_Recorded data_
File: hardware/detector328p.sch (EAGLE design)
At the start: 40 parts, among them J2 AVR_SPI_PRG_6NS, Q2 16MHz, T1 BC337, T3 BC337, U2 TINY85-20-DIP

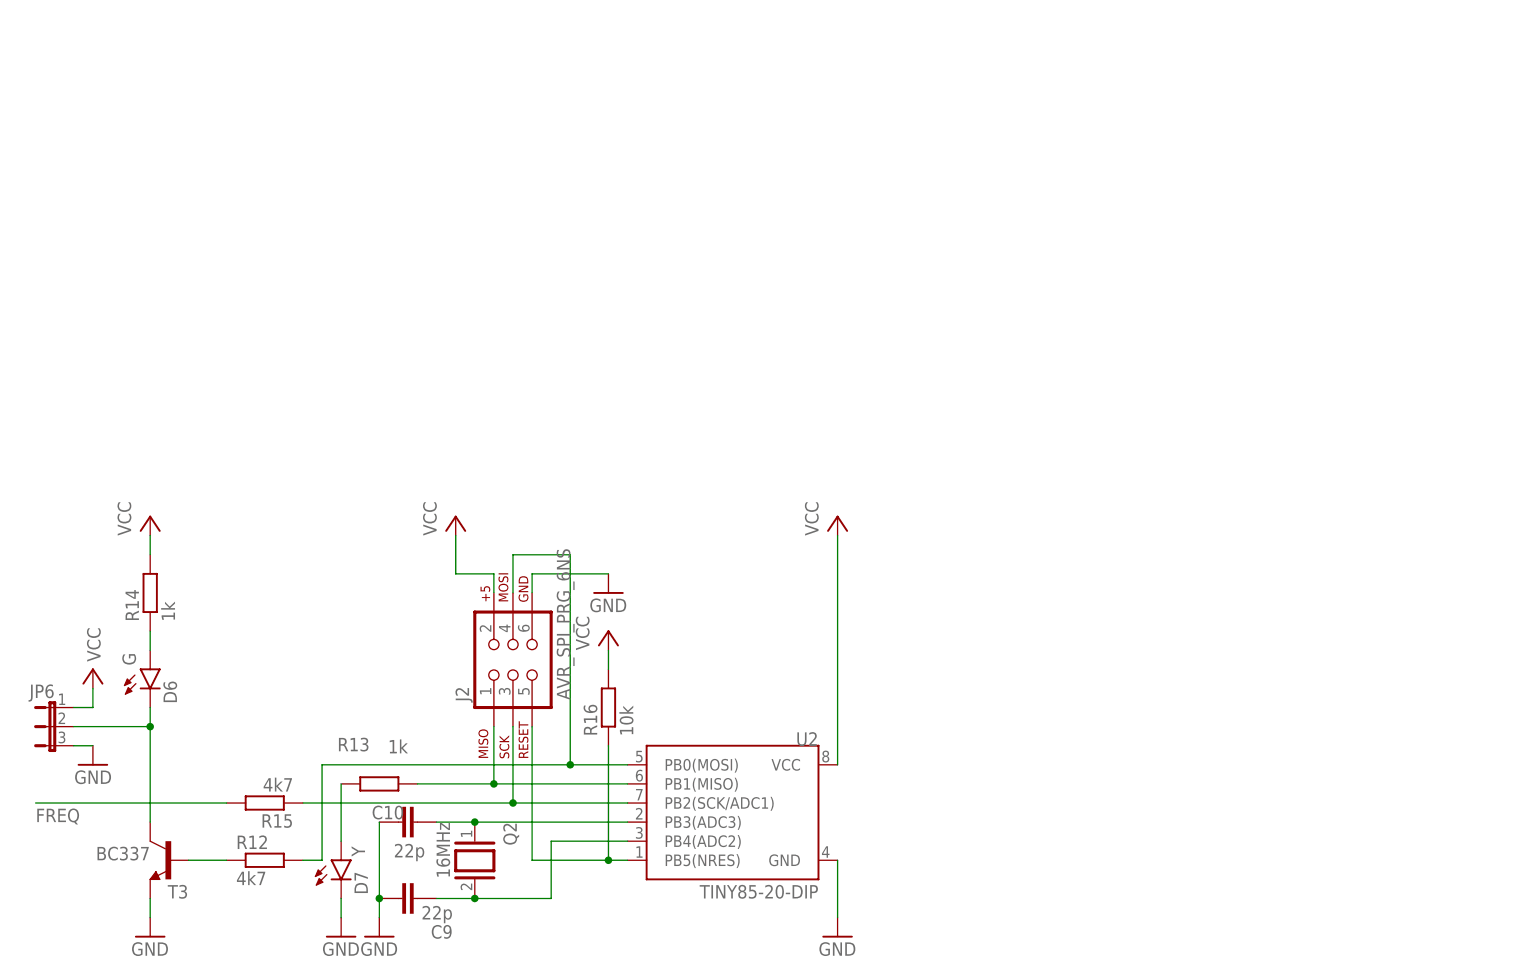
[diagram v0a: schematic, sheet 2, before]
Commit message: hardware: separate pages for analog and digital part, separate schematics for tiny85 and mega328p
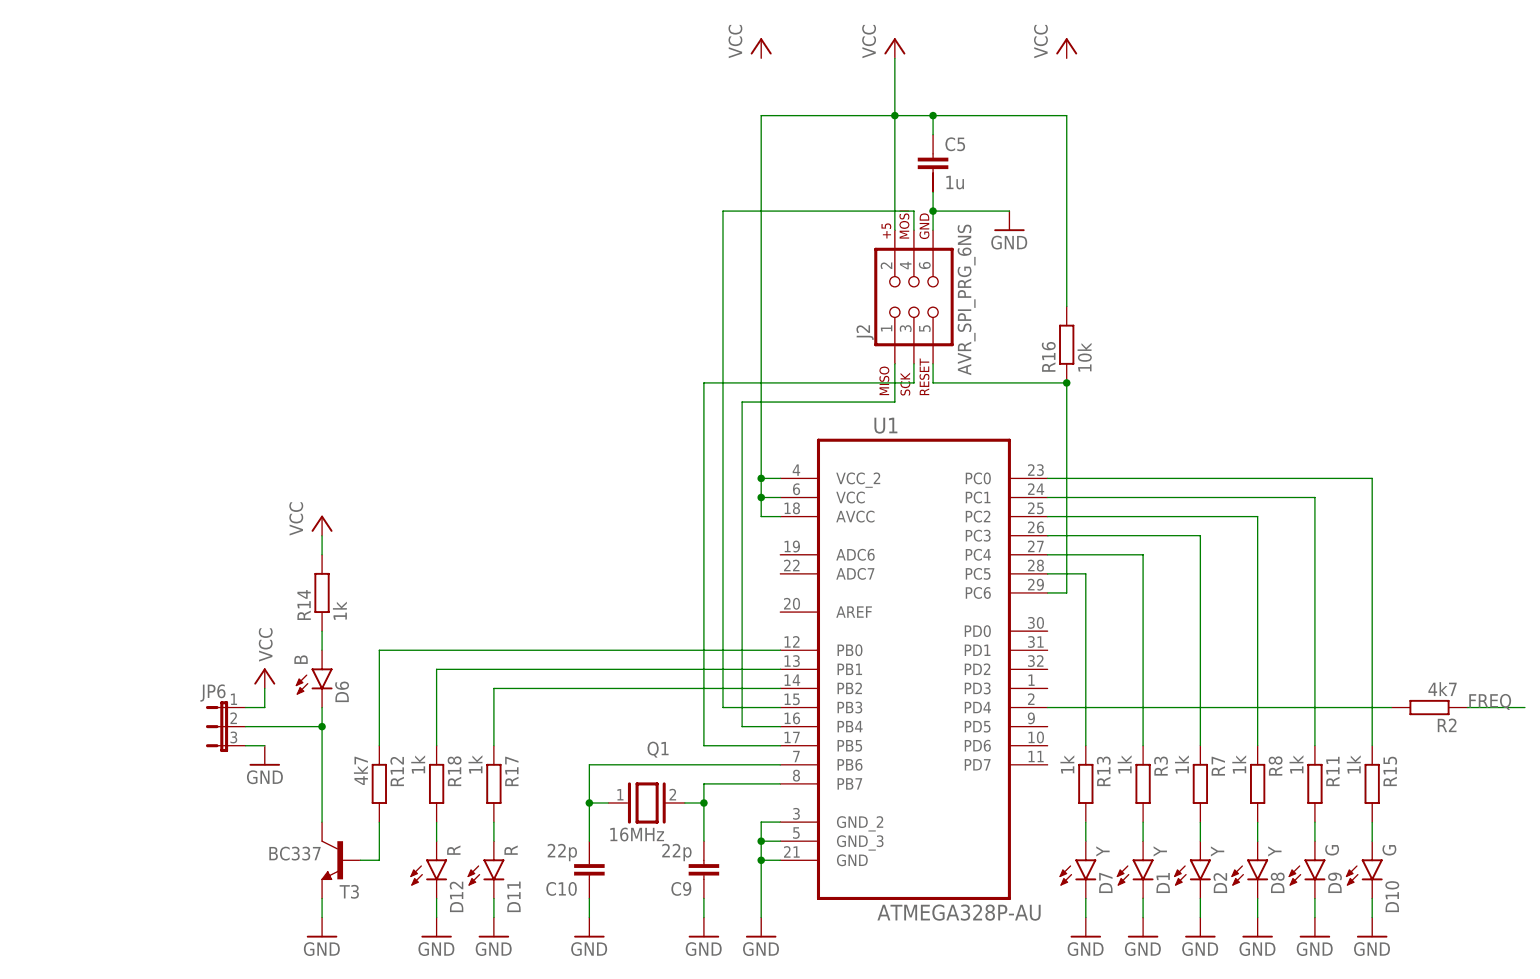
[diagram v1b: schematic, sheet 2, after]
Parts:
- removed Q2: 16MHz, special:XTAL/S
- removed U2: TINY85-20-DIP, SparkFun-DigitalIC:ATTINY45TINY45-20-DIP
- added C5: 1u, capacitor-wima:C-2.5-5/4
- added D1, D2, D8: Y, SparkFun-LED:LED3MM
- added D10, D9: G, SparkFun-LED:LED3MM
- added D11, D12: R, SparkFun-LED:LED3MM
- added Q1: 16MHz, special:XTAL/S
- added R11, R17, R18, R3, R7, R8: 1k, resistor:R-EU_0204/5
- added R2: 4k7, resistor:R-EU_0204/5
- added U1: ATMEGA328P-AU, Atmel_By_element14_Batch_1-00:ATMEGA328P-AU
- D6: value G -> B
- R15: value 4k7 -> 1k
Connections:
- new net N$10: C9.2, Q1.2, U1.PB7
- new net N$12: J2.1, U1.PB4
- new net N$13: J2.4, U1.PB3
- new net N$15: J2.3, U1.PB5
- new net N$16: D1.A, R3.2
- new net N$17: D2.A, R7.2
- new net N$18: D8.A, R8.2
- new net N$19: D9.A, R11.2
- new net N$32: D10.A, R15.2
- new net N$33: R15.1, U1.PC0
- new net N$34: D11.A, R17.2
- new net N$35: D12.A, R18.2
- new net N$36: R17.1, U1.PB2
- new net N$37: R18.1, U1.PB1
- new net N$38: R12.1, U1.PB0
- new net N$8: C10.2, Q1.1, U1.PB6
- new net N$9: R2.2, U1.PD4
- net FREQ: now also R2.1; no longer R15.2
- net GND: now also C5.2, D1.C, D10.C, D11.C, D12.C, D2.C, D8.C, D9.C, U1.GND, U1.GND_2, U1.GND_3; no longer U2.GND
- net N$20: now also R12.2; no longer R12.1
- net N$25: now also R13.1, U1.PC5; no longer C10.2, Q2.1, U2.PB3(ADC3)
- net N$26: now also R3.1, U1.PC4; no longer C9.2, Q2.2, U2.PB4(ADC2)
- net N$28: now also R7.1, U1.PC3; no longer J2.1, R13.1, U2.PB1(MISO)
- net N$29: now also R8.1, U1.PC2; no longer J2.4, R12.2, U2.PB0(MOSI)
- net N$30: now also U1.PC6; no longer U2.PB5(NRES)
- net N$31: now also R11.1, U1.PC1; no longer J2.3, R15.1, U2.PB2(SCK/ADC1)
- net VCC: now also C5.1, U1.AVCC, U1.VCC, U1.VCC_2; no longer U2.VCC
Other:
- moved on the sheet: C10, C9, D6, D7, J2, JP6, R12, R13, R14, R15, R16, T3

_Your goal_
Only the lines above starting at the line that holds "- new net N$34: D11.A, R17.2" and ending at the line that holds "- net N$28: now" are to be repeated, exactly and in full.

_Written reply_
- new net N$34: D11.A, R17.2
- new net N$35: D12.A, R18.2
- new net N$36: R17.1, U1.PB2
- new net N$37: R18.1, U1.PB1
- new net N$38: R12.1, U1.PB0
- new net N$8: C10.2, Q1.1, U1.PB6
- new net N$9: R2.2, U1.PD4
- net FREQ: now also R2.1; no longer R15.2
- net GND: now also C5.2, D1.C, D10.C, D11.C, D12.C, D2.C, D8.C, D9.C, U1.GND, U1.GND_2, U1.GND_3; no longer U2.GND
- net N$20: now also R12.2; no longer R12.1
- net N$25: now also R13.1, U1.PC5; no longer C10.2, Q2.1, U2.PB3(ADC3)
- net N$26: now also R3.1, U1.PC4; no longer C9.2, Q2.2, U2.PB4(ADC2)
- net N$28: now also R7.1, U1.PC3; no longer J2.1, R13.1, U2.PB1(MISO)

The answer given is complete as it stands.